### [WHAT YOU ARE ASKED TO DO]
Reproduce the entries below exactly, but only from the line containing "msp.add_circle(centre, 0.3, dxfattribs=at)" to the line containing "msp.add_arc(centre, 1.75, start, end, dxfattribs=at)", inclusive.

### SOURCE DATA ###

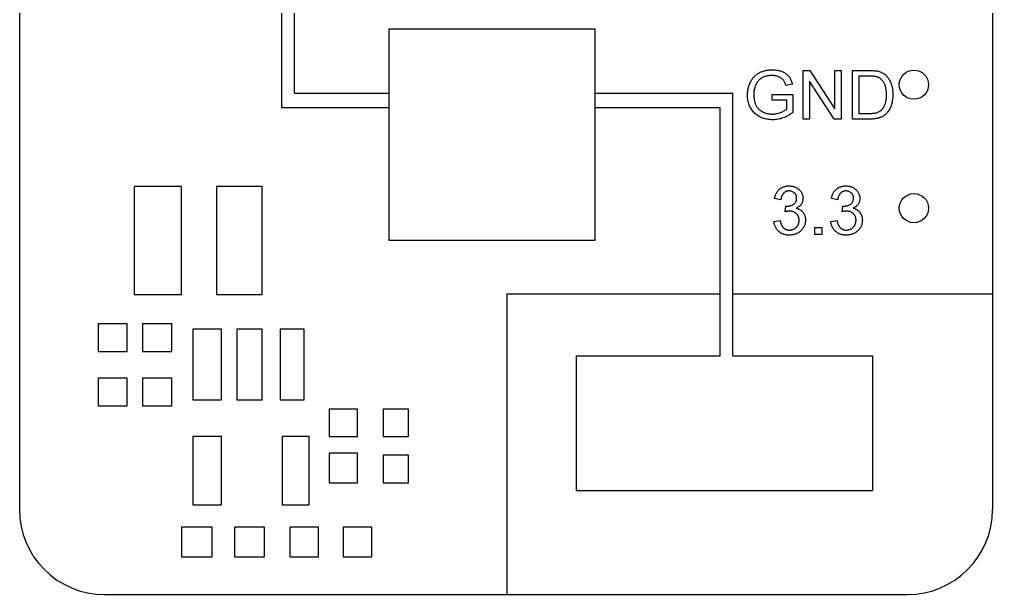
# Model space of a CAD drawing. Header units: millimetres. Extents: x -88.4 to -68.4, y 24.2 to 44.2.
# Drawn here: x -88.38 to -68.38, y 24.16 to 35.99 of the extents above; entities that cross this region are included whole.
import ezdxf

# ---------------------------------------------------------------- set-up
doc = ezdxf.new("R2010")
doc.units = ezdxf.units.MM

msp = doc.modelspace()

# ---------------------------------------------------------------- linework, layer by layer
at = {"color": 7, "linetype": 'Continuous', "lineweight": 25}
for p, q in [((-88.383, 42.411), (-88.383, 25.911)), ((-68.383, 42.411), (-68.383, 25.911)), ((-82.99, 34.177), (-82.99, 39.174)), ((-82.728, 34.48), (-82.728, 39.174)), ((-80.792, 35.795), (-80.792, 31.455)), ((-76.553, 35.795), (-80.792, 35.795)), ((-76.553, 31.455), (-76.553, 35.795)), ((-72.277, 33.944), (-72.277, 34.944)), ((-72.277, 34.944), (-72.137, 34.944)), ((-72.137, 34.944), (-71.63, 34.165)), ((-71.627, 34.165), (-71.627, 34.944)), ((-71.627, 34.944), (-71.497, 34.944)), ((-71.497, 34.944), (-71.497, 33.944)), ((-71.264, 34.944), (-70.917, 34.944)), ((-71.264, 33.944), (-71.264, 34.944)), ((-70.919, 34.827), (-71.134, 34.827)), ((-71.134, 34.827), (-71.134, 34.061)), ((-72.497, 34.665), (-72.627, 34.633)), ((-72.144, 34.724), (-72.147, 34.724)), ((-72.147, 34.724), (-72.147, 33.944)), ((-71.637, 33.944), (-72.144, 34.724)), ((-82.728, 34.48), (-80.792, 34.48)), ((-76.553, 34.48), (-73.721, 34.48)), ((-73.721, 29.074), (-73.721, 34.48)), ((-72.913, 34.334), (-72.913, 34.451)), ((-72.913, 34.451), (-72.485, 34.451)), ((-72.485, 34.451), (-72.485, 34.085)), ((-72.614, 34.334), (-72.913, 34.334)), ((-72.614, 34.15), (-72.614, 34.334)), ((-80.792, 34.177), (-82.99, 34.177)), ((-73.979, 34.177), (-76.553, 34.177)), ((-73.979, 29.074), (-73.979, 34.177)), ((-71.63, 34.165), (-71.627, 34.165)), ((-71.134, 34.061), (-70.914, 34.061)), ((-72.147, 33.944), (-72.277, 33.944)), ((-71.497, 33.944), (-71.637, 33.944)), ((-70.902, 33.944), (-71.264, 33.944)), ((-85.054, 32.558), (-86.023, 32.558)), ((-86.023, 32.558), (-86.023, 30.336)), ((-85.054, 30.336), (-85.054, 32.558)), ((-83.394, 32.558), (-84.335, 32.558)), ((-84.335, 32.558), (-84.335, 30.336)), ((-83.394, 30.336), (-83.394, 32.558)), ((-72.734, 32.284), (-72.864, 32.307)), ((-71.565, 32.284), (-71.695, 32.307)), ((-72.643, 32.037), (-72.629, 32.154)), ((-72.417, 32.113), (-72.417, 32.11)), ((-71.474, 32.037), (-71.46, 32.154)), ((-71.248, 32.113), (-71.248, 32.11)), ((-72.877, 31.838), (-72.747, 31.855)), ((-71.708, 31.838), (-71.578, 31.855)), ((-72.033, 31.57), (-72.033, 31.713)), ((-72.033, 31.713), (-71.89, 31.713)), ((-71.89, 31.713), (-71.89, 31.57)), ((-80.792, 31.455), (-76.553, 31.455)), ((-71.89, 31.57), (-72.033, 31.57)), ((-86.023, 30.336), (-85.054, 30.336)), ((-84.335, 30.336), (-83.394, 30.336)), ((-78.364, 30.341), (-78.364, 24.161)), ((-73.979, 30.341), (-78.364, 30.341)), ((-68.383, 30.341), (-73.721, 30.341)), ((-86.766, 29.729), (-86.766, 29.163)), ((-86.172, 29.729), (-86.766, 29.729)), ((-86.172, 29.163), (-86.172, 29.729)), ((-85.252, 29.729), (-85.857, 29.729)), ((-85.857, 29.729), (-85.857, 29.163)), ((-85.252, 29.163), (-85.252, 29.729)), ((-84.229, 29.619), (-84.818, 29.619)), ((-84.818, 29.619), (-84.818, 28.165)), ((-84.229, 28.165), (-84.229, 29.619)), ((-83.394, 29.619), (-83.918, 29.619)), ((-83.918, 29.619), (-83.918, 28.165)), ((-83.394, 28.165), (-83.394, 29.619)), ((-82.529, 29.619), (-83.026, 29.619)), ((-83.026, 29.619), (-83.026, 28.165)), ((-82.529, 28.165), (-82.529, 29.619)), ((-86.766, 29.163), (-86.172, 29.163)), ((-85.857, 29.163), (-85.252, 29.163)), ((-76.943, 29.074), (-76.943, 26.301)), ((-76.943, 29.074), (-73.979, 29.074)), ((-73.721, 29.074), (-70.849, 29.074)), ((-70.849, 29.074), (-70.849, 26.301)), ((-86.172, 28.616), (-86.766, 28.616)), ((-86.766, 28.616), (-86.766, 28.047)), ((-86.172, 28.047), (-86.172, 28.616)), ((-85.252, 28.616), (-85.857, 28.616)), ((-85.857, 28.616), (-85.857, 28.047)), ((-85.252, 28.047), (-85.252, 28.616)), ((-86.766, 28.047), (-86.172, 28.047)), ((-85.857, 28.047), (-85.252, 28.047)), ((-84.818, 28.165), (-84.229, 28.165)), ((-83.918, 28.165), (-83.394, 28.165)), ((-83.026, 28.165), (-82.529, 28.165)), ((-81.437, 27.976), (-82.018, 27.976)), ((-82.018, 27.976), (-82.018, 27.415)), ((-81.437, 27.415), (-81.437, 27.976)), ((-80.389, 27.976), (-80.91, 27.976)), ((-80.91, 27.976), (-80.91, 27.415)), ((-80.389, 27.415), (-80.389, 27.976)), ((-84.229, 27.415), (-84.818, 27.415)), ((-84.818, 27.415), (-84.818, 26.008)), ((-84.229, 26.008), (-84.229, 27.415)), ((-82.431, 27.415), (-82.985, 27.415)), ((-82.985, 27.415), (-82.985, 26.008)), ((-82.431, 26.008), (-82.431, 27.415)), ((-82.018, 27.415), (-81.437, 27.415)), ((-80.91, 27.415), (-80.389, 27.415)), ((-81.437, 27.07), (-82.018, 27.07)), ((-82.018, 27.07), (-82.018, 26.461)), ((-81.437, 26.461), (-81.437, 27.07)), ((-80.389, 27.029), (-80.91, 27.029)), ((-80.91, 27.029), (-80.91, 26.461)), ((-80.389, 26.461), (-80.389, 27.029)), ((-82.018, 26.461), (-81.437, 26.461)), ((-80.91, 26.461), (-80.389, 26.461)), ((-76.943, 26.301), (-70.849, 26.301)), ((-84.818, 26.008), (-84.229, 26.008)), ((-82.985, 26.008), (-82.431, 26.008)), ((-85.054, 25.549), (-85.054, 24.94)), ((-84.419, 25.549), (-85.054, 25.549)), ((-84.419, 24.94), (-84.419, 25.549)), ((-83.344, 25.549), (-83.966, 25.549)), ((-83.966, 25.549), (-83.966, 24.94)), ((-83.344, 24.94), (-83.344, 25.549)), ((-82.235, 25.549), (-82.823, 25.549)), ((-82.823, 25.549), (-82.823, 24.94)), ((-82.235, 24.94), (-82.235, 25.549)), ((-81.728, 25.549), (-81.728, 24.94)), ((-81.139, 25.549), (-81.728, 25.549)), ((-81.139, 24.94), (-81.139, 25.549)), ((-85.054, 24.94), (-84.419, 24.94)), ((-83.966, 24.94), (-83.344, 24.94)), ((-82.823, 24.94), (-82.235, 24.94)), ((-81.728, 24.94), (-81.139, 24.94)), ((-86.633, 24.161), (-70.133, 24.161))]:
    msp.add_line(p, q, dxfattribs=at)
for centre in [(-69.999, 34.652), (-69.999, 32.112)]:
    msp.add_circle(centre, 0.3, dxfattribs=at)
for centre, start, end in [((-86.633, 25.911), 180, 270), ((-70.133, 25.911), 270, 0)]:
    msp.add_arc(centre, 1.75, start, end, dxfattribs=at)
for points, knots in [([(-73.42, 34.44), (-73.419, 34.452), (-73.419, 34.475), (-73.416, 34.509), (-73.411, 34.543), (-73.405, 34.576), (-73.397, 34.609), (-73.387, 34.641), (-73.375, 34.672), (-73.361, 34.702), (-73.346, 34.732), (-73.329, 34.76), (-73.31, 34.786), (-73.289, 34.81), (-73.267, 34.833), (-73.243, 34.854), (-73.217, 34.873), (-73.189, 34.891), (-73.16, 34.907), (-73.129, 34.92), (-73.096, 34.932), (-73.062, 34.941), (-73.027, 34.948), (-72.99, 34.953), (-72.951, 34.957), (-72.924, 34.957), (-72.911, 34.957)], [0, 0, 0, 0, 0.042626, 0.084615, 0.12613, 0.167233, 0.208149, 0.248892, 0.289745, 0.330668, 0.371442, 0.411382, 0.450576, 0.489591, 0.528479, 0.567467, 0.606756, 0.646617, 0.687069, 0.728218, 0.769978, 0.813193, 0.857452, 0.903207, 0.950688, 1, 1, 1, 1]), ([(-72.92, 34.84), (-72.935, 34.84), (-72.964, 34.84), (-73.005, 34.834), (-73.044, 34.826), (-73.081, 34.814), (-73.114, 34.798), (-73.145, 34.78), (-73.172, 34.757), (-73.197, 34.731), (-73.219, 34.703), (-73.238, 34.672), (-73.254, 34.64), (-73.267, 34.605), (-73.277, 34.568), (-73.284, 34.529), (-73.289, 34.488), (-73.289, 34.46), (-73.29, 34.445)], [0, 0, 0, 0, 0.072424, 0.140388, 0.205018, 0.266678, 0.326414, 0.384287, 0.442094, 0.500056, 0.558491, 0.616818, 0.67579, 0.736131, 0.798188, 0.862747, 0.929899, 1, 1, 1, 1]), ([(-72.627, 34.633), (-72.63, 34.641), (-72.634, 34.657), (-72.644, 34.681), (-72.655, 34.703), (-72.667, 34.723), (-72.68, 34.742), (-72.695, 34.759), (-72.711, 34.775), (-72.729, 34.788), (-72.748, 34.801), (-72.768, 34.811), (-72.79, 34.821), (-72.814, 34.828), (-72.838, 34.833), (-72.864, 34.837), (-72.892, 34.84), (-72.911, 34.84), (-72.92, 34.84)], [0, 0, 0, 0, 0.067302, 0.131577, 0.19378, 0.254032, 0.312789, 0.37054, 0.427802, 0.485104, 0.542537, 0.601488, 0.661725, 0.723763, 0.78872, 0.855949, 0.926282, 1, 1, 1, 1]), ([(-72.911, 34.957), (-72.897, 34.957), (-72.87, 34.956), (-72.83, 34.953), (-72.793, 34.947), (-72.757, 34.94), (-72.724, 34.929), (-72.693, 34.917), (-72.664, 34.902), (-72.637, 34.885), (-72.612, 34.865), (-72.589, 34.843), (-72.568, 34.819), (-72.55, 34.793), (-72.533, 34.764), (-72.519, 34.734), (-72.507, 34.7), (-72.501, 34.677), (-72.497, 34.665)], [0, 0, 0, 0, 0.075231, 0.147003, 0.215331, 0.280743, 0.343744, 0.404164, 0.463227, 0.520621, 0.577342, 0.634161, 0.691377, 0.749286, 0.808435, 0.869975, 0.93369, 1, 1, 1, 1]), ([(-70.562, 34.453), (-70.563, 34.465), (-70.563, 34.489), (-70.566, 34.525), (-70.57, 34.56), (-70.575, 34.593), (-70.584, 34.625), (-70.595, 34.656), (-70.609, 34.685), (-70.626, 34.713), (-70.645, 34.737), (-70.665, 34.759), (-70.687, 34.777), (-70.71, 34.791), (-70.734, 34.803), (-70.757, 34.812), (-70.78, 34.818), (-70.803, 34.822), (-70.828, 34.825), (-70.856, 34.826), (-70.886, 34.827), (-70.908, 34.827), (-70.919, 34.827)], [0, 0, 0, 0, 0.061357, 0.121175, 0.178908, 0.235041, 0.290058, 0.344108, 0.39777, 0.45147, 0.503915, 0.553032, 0.599725, 0.644814, 0.688229, 0.729729, 0.769222, 0.807569, 0.84788, 0.893125, 0.944046, 1, 1, 1, 1]), ([(-70.917, 34.944), (-70.902, 34.944), (-70.874, 34.944), (-70.833, 34.942), (-70.795, 34.939), (-70.76, 34.935), (-70.727, 34.929), (-70.695, 34.92), (-70.664, 34.906), (-70.633, 34.89), (-70.604, 34.871), (-70.577, 34.848), (-70.552, 34.821), (-70.528, 34.791), (-70.507, 34.759), (-70.488, 34.724), (-70.472, 34.687), (-70.458, 34.647), (-70.446, 34.603), (-70.438, 34.556), (-70.433, 34.504), (-70.433, 34.468), (-70.433, 34.45)], [0, 0, 0, 0, 0.055194, 0.106608, 0.153813, 0.197347, 0.238796, 0.280476, 0.322655, 0.36589, 0.409694, 0.454274, 0.500141, 0.547408, 0.59608, 0.645809, 0.696939, 0.749546, 0.805312, 0.865144, 0.930031, 1, 1, 1, 1]), ([(-72.902, 33.931), (-72.921, 33.932), (-72.958, 33.932), (-73.012, 33.939), (-73.064, 33.95), (-73.112, 33.965), (-73.158, 33.985), (-73.201, 34.009), (-73.241, 34.037), (-73.278, 34.07), (-73.311, 34.106), (-73.34, 34.145), (-73.365, 34.187), (-73.385, 34.232), (-73.4, 34.28), (-73.412, 34.331), (-73.418, 34.385), (-73.419, 34.421), (-73.42, 34.44)], [0, 0, 0, 0, 0.0695214, 0.1357453, 0.1996341, 0.2615442, 0.3221053, 0.3817468, 0.4415639, 0.50185, 0.5620809, 0.6214762, 0.6808383, 0.7409183, 0.8021948, 0.8654606, 0.9312223, 1, 1, 1, 1]), ([(-73.29, 34.445), (-73.29, 34.434), (-73.289, 34.413), (-73.287, 34.382), (-73.283, 34.353), (-73.279, 34.325), (-73.272, 34.298), (-73.264, 34.272), (-73.255, 34.248), (-73.244, 34.225), (-73.232, 34.204), (-73.219, 34.184), (-73.204, 34.166), (-73.187, 34.148), (-73.17, 34.132), (-73.151, 34.118), (-73.13, 34.105), (-73.109, 34.093), (-73.086, 34.082), (-73.063, 34.073), (-73.039, 34.065), (-73.015, 34.059), (-72.99, 34.054), (-72.965, 34.051), (-72.939, 34.048), (-72.922, 34.048), (-72.913, 34.048)], [0, 0, 0, 0, 0.051936, 0.102003, 0.149714, 0.195775, 0.240126, 0.282884, 0.324428, 0.364593, 0.404083, 0.442847, 0.480942, 0.519057, 0.557431, 0.595897, 0.634843, 0.674742, 0.715064, 0.755085, 0.794944, 0.835415, 0.875695, 0.916565, 0.957865, 1, 1, 1, 1]), ([(-70.914, 34.061), (-70.904, 34.061), (-70.882, 34.062), (-70.852, 34.063), (-70.823, 34.066), (-70.795, 34.069), (-70.768, 34.075), (-70.741, 34.084), (-70.714, 34.097), (-70.692, 34.111), (-70.674, 34.124), (-70.662, 34.135), (-70.65, 34.148), (-70.638, 34.162), (-70.627, 34.178), (-70.617, 34.195), (-70.607, 34.213), (-70.598, 34.233), (-70.589, 34.255), (-70.582, 34.278), (-70.576, 34.303), (-70.571, 34.33), (-70.567, 34.358), (-70.564, 34.388), (-70.563, 34.42), (-70.563, 34.441), (-70.562, 34.453)], [0, 0, 0, 0, 0.053403, 0.103865, 0.151485, 0.196281, 0.240453, 0.286921, 0.335428, 0.387072, 0.413869, 0.441823, 0.470207, 0.500144, 0.531334, 0.563924, 0.598338, 0.634101, 0.671792, 0.711756, 0.753743, 0.797971, 0.844497, 0.893799, 0.945602, 1, 1, 1, 1]), ([(-70.433, 34.45), (-70.433, 34.432), (-70.433, 34.396), (-70.439, 34.345), (-70.447, 34.296), (-70.458, 34.249), (-70.473, 34.204), (-70.491, 34.162), (-70.513, 34.123), (-70.534, 34.092), (-70.552, 34.069), (-70.567, 34.053), (-70.583, 34.038), (-70.6, 34.024), (-70.619, 34.011), (-70.639, 34), (-70.66, 33.989), (-70.682, 33.979), (-70.705, 33.971), (-70.73, 33.964), (-70.756, 33.958), (-70.783, 33.953), (-70.811, 33.949), (-70.84, 33.946), (-70.87, 33.945), (-70.891, 33.944), (-70.902, 33.944)], [0, 0, 0, 0, 0.068349, 0.1339, 0.196897, 0.257755, 0.316883, 0.374282, 0.43106, 0.487121, 0.515078, 0.542879, 0.57068, 0.598998, 0.627424, 0.656542, 0.686176, 0.716662, 0.748019, 0.780123, 0.813699, 0.848157, 0.884188, 0.921347, 0.959927, 1, 1, 1, 1]), ([(-72.913, 34.048), (-72.9, 34.048), (-72.874, 34.049), (-72.834, 34.054), (-72.796, 34.062), (-72.758, 34.073), (-72.721, 34.087), (-72.684, 34.105), (-72.649, 34.126), (-72.626, 34.142), (-72.614, 34.15)], [0, 0, 0, 0, 0.123858, 0.246581, 0.36856, 0.491028, 0.61474, 0.740403, 0.868298, 1, 1, 1, 1]), ([(-72.485, 34.085), (-72.5, 34.073), (-72.532, 34.049), (-72.582, 34.018), (-72.632, 33.991), (-72.684, 33.969), (-72.737, 33.952), (-72.791, 33.94), (-72.846, 33.933), (-72.884, 33.932), (-72.902, 33.931)], [0, 0, 0, 0, 0.132771, 0.2616705, 0.3873639, 0.5103202, 0.6322473, 0.7540654, 0.8761372, 1, 1, 1, 1]), ([(-72.864, 32.307), (-72.862, 32.317), (-72.858, 32.338), (-72.849, 32.368), (-72.839, 32.396), (-72.826, 32.422), (-72.813, 32.446), (-72.797, 32.467), (-72.78, 32.487), (-72.76, 32.504), (-72.74, 32.52), (-72.718, 32.533), (-72.695, 32.545), (-72.672, 32.553), (-72.647, 32.561), (-72.621, 32.566), (-72.595, 32.569), (-72.577, 32.569), (-72.568, 32.57)], [0, 0, 0, 0, 0.074787, 0.146633, 0.214618, 0.279675, 0.342759, 0.404109, 0.463882, 0.523619, 0.582915, 0.640879, 0.698836, 0.757273, 0.815676, 0.875558, 0.937024, 1, 1, 1, 1]), ([(-72.564, 32.466), (-72.57, 32.466), (-72.581, 32.465), (-72.597, 32.463), (-72.613, 32.459), (-72.628, 32.454), (-72.642, 32.447), (-72.655, 32.439), (-72.667, 32.43), (-72.679, 32.419), (-72.689, 32.406), (-72.699, 32.392), (-72.707, 32.377), (-72.715, 32.361), (-72.721, 32.344), (-72.726, 32.325), (-72.731, 32.305), (-72.733, 32.291), (-72.734, 32.284)], [0, 0, 0, 0, 0.061959, 0.122186, 0.17973, 0.236582, 0.29227, 0.348503, 0.404657, 0.463016, 0.522074, 0.581952, 0.644643, 0.709584, 0.777191, 0.84763, 0.921631, 1, 1, 1, 1]), ([(-72.568, 32.57), (-72.557, 32.569), (-72.538, 32.569), (-72.509, 32.565), (-72.481, 32.56), (-72.455, 32.552), (-72.429, 32.541), (-72.406, 32.528), (-72.383, 32.513), (-72.362, 32.495), (-72.343, 32.476), (-72.326, 32.456), (-72.311, 32.435), (-72.3, 32.412), (-72.29, 32.389), (-72.284, 32.364), (-72.28, 32.338), (-72.28, 32.321), (-72.279, 32.312)], [0, 0, 0, 0, 0.070235, 0.137594, 0.203089, 0.267151, 0.330048, 0.392636, 0.455731, 0.519656, 0.582935, 0.643782, 0.703219, 0.761571, 0.819735, 0.878684, 0.938235, 1, 1, 1, 1]), ([(-72.409, 32.315), (-72.409, 32.321), (-72.41, 32.332), (-72.412, 32.349), (-72.415, 32.364), (-72.42, 32.379), (-72.427, 32.392), (-72.435, 32.405), (-72.445, 32.416), (-72.459, 32.43), (-72.479, 32.444), (-72.506, 32.457), (-72.534, 32.465), (-72.554, 32.465), (-72.564, 32.466)], [0, 0, 0, 0, 0.072114, 0.140478, 0.205899, 0.26895, 0.33076, 0.392113, 0.453352, 0.515569, 0.638064, 0.757591, 0.876458, 1, 1, 1, 1]), ([(-71.695, 32.307), (-71.693, 32.317), (-71.689, 32.338), (-71.68, 32.368), (-71.67, 32.396), (-71.658, 32.422), (-71.644, 32.446), (-71.628, 32.467), (-71.611, 32.487), (-71.591, 32.504), (-71.571, 32.52), (-71.549, 32.533), (-71.527, 32.545), (-71.503, 32.553), (-71.478, 32.561), (-71.453, 32.566), (-71.426, 32.569), (-71.408, 32.569), (-71.399, 32.57)], [0, 0, 0, 0, 0.074787, 0.146633, 0.214618, 0.279675, 0.342759, 0.404109, 0.463882, 0.523619, 0.582915, 0.640879, 0.698836, 0.757273, 0.815676, 0.875558, 0.937024, 1, 1, 1, 1]), ([(-71.395, 32.466), (-71.401, 32.466), (-71.412, 32.465), (-71.428, 32.463), (-71.444, 32.459), (-71.459, 32.454), (-71.473, 32.447), (-71.486, 32.439), (-71.498, 32.43), (-71.51, 32.419), (-71.52, 32.406), (-71.53, 32.392), (-71.538, 32.377), (-71.546, 32.361), (-71.552, 32.344), (-71.557, 32.325), (-71.562, 32.305), (-71.564, 32.291), (-71.565, 32.284)], [0, 0, 0, 0, 0.061959, 0.122186, 0.17973, 0.236582, 0.29227, 0.348503, 0.404657, 0.463016, 0.522074, 0.581952, 0.644643, 0.709584, 0.777191, 0.84763, 0.921631, 1, 1, 1, 1]), ([(-71.399, 32.57), (-71.389, 32.569), (-71.369, 32.569), (-71.34, 32.565), (-71.312, 32.56), (-71.286, 32.552), (-71.261, 32.541), (-71.237, 32.528), (-71.214, 32.513), (-71.193, 32.495), (-71.174, 32.476), (-71.157, 32.456), (-71.143, 32.435), (-71.131, 32.412), (-71.122, 32.389), (-71.115, 32.364), (-71.111, 32.338), (-71.111, 32.321), (-71.111, 32.312)], [0, 0, 0, 0, 0.070235, 0.137594, 0.203089, 0.267151, 0.330048, 0.392636, 0.455731, 0.519656, 0.582935, 0.643782, 0.703219, 0.761571, 0.819735, 0.878684, 0.938235, 1, 1, 1, 1]), ([(-71.24, 32.315), (-71.241, 32.321), (-71.241, 32.332), (-71.243, 32.349), (-71.247, 32.364), (-71.252, 32.379), (-71.259, 32.392), (-71.266, 32.405), (-71.276, 32.416), (-71.291, 32.43), (-71.311, 32.444), (-71.337, 32.457), (-71.365, 32.465), (-71.385, 32.465), (-71.395, 32.466)], [0, 0, 0, 0, 0.0721144, 0.1404779, 0.2058993, 0.2689504, 0.3307597, 0.3921132, 0.4533522, 0.5155688, 0.6380641, 0.7575907, 0.8764581, 1, 1, 1, 1]), ([(-72.629, 32.154), (-72.621, 32.154), (-72.607, 32.154), (-72.587, 32.155), (-72.569, 32.156), (-72.553, 32.158), (-72.538, 32.162), (-72.522, 32.166), (-72.506, 32.173), (-72.489, 32.181), (-72.473, 32.191), (-72.457, 32.202), (-72.444, 32.216), (-72.431, 32.232), (-72.421, 32.25), (-72.414, 32.27), (-72.41, 32.292), (-72.41, 32.307), (-72.409, 32.315)], [0, 0, 0, 0, 0.074342, 0.140212, 0.198239, 0.248015, 0.296538, 0.348146, 0.40483, 0.466036, 0.528879, 0.591252, 0.654054, 0.718273, 0.783961, 0.851802, 0.922892, 1, 1, 1, 1]), ([(-72.279, 32.312), (-72.28, 32.301), (-72.281, 32.279), (-72.287, 32.248), (-72.298, 32.219), (-72.313, 32.192), (-72.333, 32.169), (-72.357, 32.147), (-72.385, 32.128), (-72.406, 32.118), (-72.417, 32.113)], [0, 0, 0, 0, 0.129948, 0.252622, 0.370257, 0.487123, 0.606052, 0.729005, 0.859775, 1, 1, 1, 1]), ([(-71.46, 32.154), (-71.453, 32.154), (-71.438, 32.154), (-71.418, 32.155), (-71.4, 32.156), (-71.384, 32.158), (-71.369, 32.162), (-71.354, 32.166), (-71.337, 32.173), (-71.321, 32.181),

###

### [TASK OUTPUT]
    msp.add_circle(centre, 0.3, dxfattribs=at)
for centre, start, end in [((-86.633, 25.911), 180, 270), ((-70.133, 25.911), 270, 0)]:
    msp.add_arc(centre, 1.75, start, end, dxfattribs=at)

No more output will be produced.